> Description of the task:
Look for the word "blocks" in the entries below, then copy every line that has it.

[Records contained in a dataset]
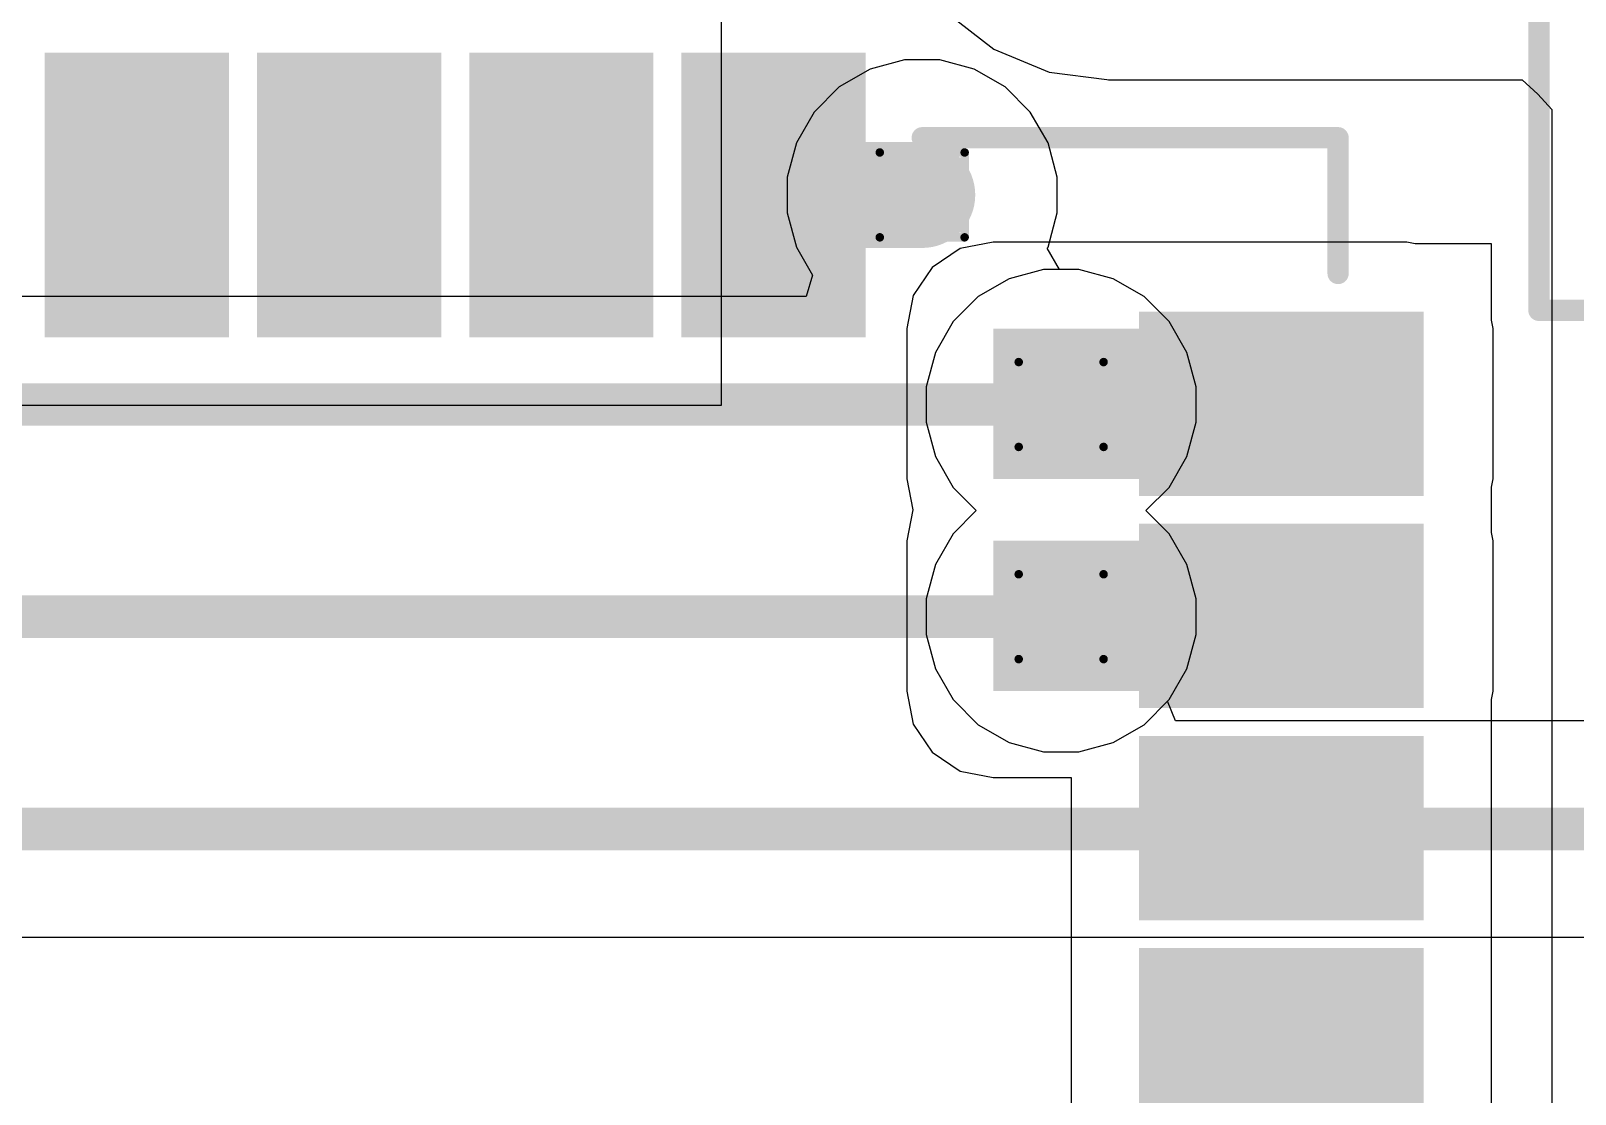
# Model space of a CAD drawing. Header units: inches. Extents: x -9 to 196, y -9 to 68.
# Drawn here: x 29.07 to 38.31, y 10.92 to 17.29 of the extents above; entities that cross this region are included whole.
import ezdxf

# ---------------------------------------------------------------- set-up
doc = ezdxf.new("R2010")
doc.units = ezdxf.units.IN
for name, color, linetype in [('Bottom Layer', 5, 'Continuous'), ('Drill Drawing', 1, 'Continuous'), ('Ground', 16, 'Continuous'), ('Power 3V3', 76, 'Continuous'), ('Top Layer', 1, 'Continuous'), ('Top Overlay', 2, 'Continuous'), ('Top Paste', 8, 'Continuous'), ('Top Solder', 216, 'Continuous'), ('Via Holes', 16, 'Continuous')]:
    doc.layers.add(name, color=color, linetype=linetype)

# ---------------------------------------------------------------- blocks, each defined once
blk = doc.blocks.new('38_SMD_M______4')
at = {"layer": 'Top Layer'}
for points in [[(-9.50000259, -3.36999961), (-8.00000305, -3.36999961), (-8.00000305, -4.270000349999999), (-9.50000259, -4.270000349999999)], [(-9.500000049999999, -4.63999961), (-8.00000051, -4.63999961), (-8.00000051, -5.54000035), (-9.500000049999999, -5.54000035)], [(-9.500000049999999, -5.90999961), (-8.00000051, -5.90999961), (-8.00000051, -6.810000349999999), (-9.500000049999999, -6.810000349999999)], [(-9.500000049999999, -7.180002149999999), (-8.00000051, -7.180002149999999), (-8.00000051, -8.08000289), (-9.500000049999999, -8.08000289)], [(-6.159999109999999, -9.62999979), (-6.159999109999999, -8.13000025), (-5.25999837, -8.13000025), (-5.25999837, -9.62999979)], [(-4.88999911, -9.62999979), (-4.88999911, -8.13000025), (-3.989998369999999, -8.13000025), (-3.989998369999999, -9.62999979)], [(-3.61999657, -9.629997249999999), (-3.61999657, -8.12999771), (-2.71999583, -8.12999771), (-2.71999583, -9.629997249999999)], [(-2.34999911, -9.62999979), (-2.34999911, -8.13000025), (-1.44999837, -8.13000025), (-1.44999837, -9.62999979)]]:
    blk.add_hatch(color=1, dxfattribs=at).paths.add_polyline_path(points)
at = {"layer": 'Top Paste'}
for points in [[(-9.50000259, -3.36999961), (-8.00000305, -3.36999961), (-8.00000305, -4.270000349999999), (-9.50000259, -4.270000349999999)], [(-9.500000049999999, -4.63999961), (-8.00000051, -4.63999961), (-8.00000051, -5.54000035), (-9.500000049999999, -5.54000035)], [(-9.500000049999999, -5.90999961), (-8.00000051, -5.90999961), (-8.00000051, -6.810000349999999), (-9.500000049999999, -6.810000349999999)], [(-9.500000049999999, -7.180002149999999), (-8.00000051, -7.180002149999999), (-8.00000051, -8.08000289), (-9.500000049999999, -8.08000289)], [(-6.159999109999999, -9.62999979), (-6.159999109999999, -8.13000025), (-5.25999837, -8.13000025), (-5.25999837, -9.62999979)], [(-4.88999911, -9.62999979), (-4.88999911, -8.13000025), (-3.989998369999999, -8.13000025), (-3.989998369999999, -9.62999979)], [(-3.61999657, -9.629997249999999), (-3.61999657, -8.12999771), (-2.71999583, -8.12999771), (-2.71999583, -9.629997249999999)], [(-2.34999911, -9.62999979), (-2.34999911, -8.13000025), (-1.44999837, -8.13000025), (-1.44999837, -9.62999979)]]:
    blk.add_hatch(color=8, dxfattribs=at).paths.add_polyline_path(points)
at = {"layer": 'Top Solder'}
for points in [[(-9.601602589999999, -3.268399609999999), (-7.89840305, -3.268399609999999), (-7.89840305, -4.37160035), (-9.601602589999999, -4.37160035)], [(-9.601600049999998, -4.53839961), (-7.89840051, -4.53839961), (-7.89840051, -5.64160035), (-9.601600049999998, -5.64160035)], [(-9.601600049999998, -5.808399609999999), (-7.89840051, -5.808399609999999), (-7.89840051, -6.91160035), (-9.601600049999998, -6.91160035)], [(-9.601600049999998, -7.07840215), (-7.89840051, -7.07840215), (-7.89840051, -8.181602889999999), (-9.601600049999998, -8.181602889999999)], [(-6.26159911, -9.731599789999999), (-6.26159911, -8.02840025), (-5.15839837, -8.02840025), (-5.15839837, -9.731599789999999)], [(-4.991599109999999, -9.731599789999999), (-4.991599109999999, -8.02840025), (-3.88839837, -8.02840025), (-3.88839837, -9.731599789999999)], [(-3.72159657, -9.73159725), (-3.72159657, -8.02839771), (-2.61839583, -8.02839771), (-2.61839583, -9.73159725)], [(-2.45159911, -9.731599789999999), (-2.45159911, -8.02840025), (-1.34839837, -8.02840025), (-1.34839837, -9.731599789999999)]]:
    blk.add_hatch(color=216, dxfattribs=at).paths.add_polyline_path(points)
at = {"layer": 'Top Overlay'}
for points in [[(-9.0891995, -8.40940152, 0.127, 0.127, 0), (-9.0891995, -9.222201519999999, 0.127, 0.127, 0)], [(-6.599999499999999, -9.222201519999999, 0.127, 0.127, 0), (-9.0891995, -9.222201519999999, 0.127, 0.127, 0)]]:
    blk.add_lwpolyline(points, format="xyseb", dxfattribs=at)
for points in [[(-9.120949499999998, -8.40940152, 0.0635, 0.0635, 1), (-9.057449499999999, -8.40940152, 0.0635, 0.0635, 1)], [(-9.120949499999998, -9.222201519999999, 0.0635, 0.0635, 1), (-9.057449499999999, -9.222201519999999, 0.0635, 0.0635, 1)], [(-9.120949499999998, -9.222201519999999, 0.0635, 0.0635, 1), (-9.057449499999999, -9.222201519999999, 0.0635, 0.0635, 1)], [(-6.6317495, -9.222201519999999, 0.0635, 0.0635, 1), (-6.568249499999999, -9.222201519999999, 0.0635, 0.0635, 1)]]:
    blk.add_lwpolyline(points, format="xyseb", close=True, dxfattribs=at)

msp = doc.modelspace()

# ---------------------------------------------------------------- hatches: boundary and pattern name
at = {"layer": 'Bottom Layer'}
h = msp.add_hatch(color=5, dxfattribs=at)
edge = h.paths.add_edge_path()
edge.add_arc((34.40621516, 16.3059872), 0.2999994, 0, 360)
h = msp.add_hatch(color=5, dxfattribs=at)
edge = h.paths.add_edge_path()
edge.add_arc((35.23781624, 15.05138722), 0.2999994, 0, 360)
h = msp.add_hatch(color=5, dxfattribs=at)
edge = h.paths.add_edge_path()
edge.add_arc((35.23781624, 13.78138722), 0.2999994, 0, 360)
at = {"layer": 'Ground'}
h = msp.add_hatch(color=16, dxfattribs=at)
edge = h.paths.add_edge_path()
edge.add_arc((34.40621516, 16.3059872), 0.2999994, 0, 360)
h = msp.add_hatch(color=16, dxfattribs=at)
edge = h.paths.add_edge_path()
edge.add_arc((35.23781624, 15.05138722), 0.2999994, 0, 360)
h = msp.add_hatch(color=16, dxfattribs=at)
edge = h.paths.add_edge_path()
edge.add_arc((35.23781624, 13.78138722), 0.2999994, 0, 360)
at = {"layer": 'Power 3V3'}
h = msp.add_hatch(color=76, dxfattribs=at)
edge = h.paths.add_edge_path()
edge.add_arc((34.40621516, 16.3059872), 0.2999994, 0, 360)
h = msp.add_hatch(color=76, dxfattribs=at)
edge = h.paths.add_edge_path()
edge.add_arc((35.23781624, 15.05138722), 0.2999994, 0, 360)
h = msp.add_hatch(color=76, dxfattribs=at)
edge = h.paths.add_edge_path()
edge.add_arc((35.23781624, 13.78138722), 0.2999994, 0, 360)
at = {"layer": 'Top Layer'}
h = msp.add_hatch(color=1, dxfattribs=at)
edge = h.paths.add_edge_path()
edge.add_arc((34.40621516, 16.3059872), 0.2999994, 0, 360)
for points in [[(34.83141624, 14.60598806), (37.30621444, 14.60598806), (37.30621444, 15.50599134), (34.83141624, 15.50599134)], [(34.83141624, 13.33598806), (37.30621444, 13.33598806), (37.30621444, 14.23599134), (34.83141624, 14.23599134)]]:
    msp.add_hatch(color=1, dxfattribs=at).paths.add_polyline_path(points)
h = msp.add_hatch(color=1, dxfattribs=at)
edge = h.paths.add_edge_path()
edge.add_arc((35.23781624, 15.05138722), 0.2999994, 0, 360)
h = msp.add_hatch(color=1, dxfattribs=at)
edge = h.paths.add_edge_path()
edge.add_arc((35.23781624, 13.78138722), 0.2999994, 0, 360)
at = {"layer": 'Via Holes'}
h = msp.add_hatch(color=7, dxfattribs=at)
edge = h.paths.add_edge_path()
edge.add_arc((34.40621516, 16.3059872), 0.1499997, 0, 360)
h = msp.add_hatch(color=7, dxfattribs=at)
edge = h.paths.add_edge_path()
edge.add_arc((35.23781624, 15.05138722), 0.1499997, 0, 360)
h = msp.add_hatch(color=7, dxfattribs=at)
edge = h.paths.add_edge_path()
edge.add_arc((35.23781624, 13.78138722), 0.1499997, 0, 360)

# ---------------------------------------------------------------- linework, layer by layer
at = {"layer": 'Bottom Layer'}
for p, q in [((35.13144104, 15.85938662), (34.9259398, 15.80432196)), ((35.34419144, 15.85938662), (35.13144104, 15.85938662)), ((35.54969267999999, 15.80432196), (35.34419144, 15.85938662)), ((34.9259398, 15.80432196), (34.74169328, 15.69794676)), ((35.7339392, 15.69794676), (35.54969267999999, 15.80432196)), ((34.74169328, 15.69794676), (34.5912567, 15.54751018)), ((35.88437578, 15.54751018), (35.7339392, 15.69794676)), ((34.5912567, 15.54751018), (34.4848815, 15.36326366)), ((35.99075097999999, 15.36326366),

> Output of the exercise:
# ---------------------------------------------------------------- blocks, each defined once
blk = doc.blocks.new('38_SMD_M______4')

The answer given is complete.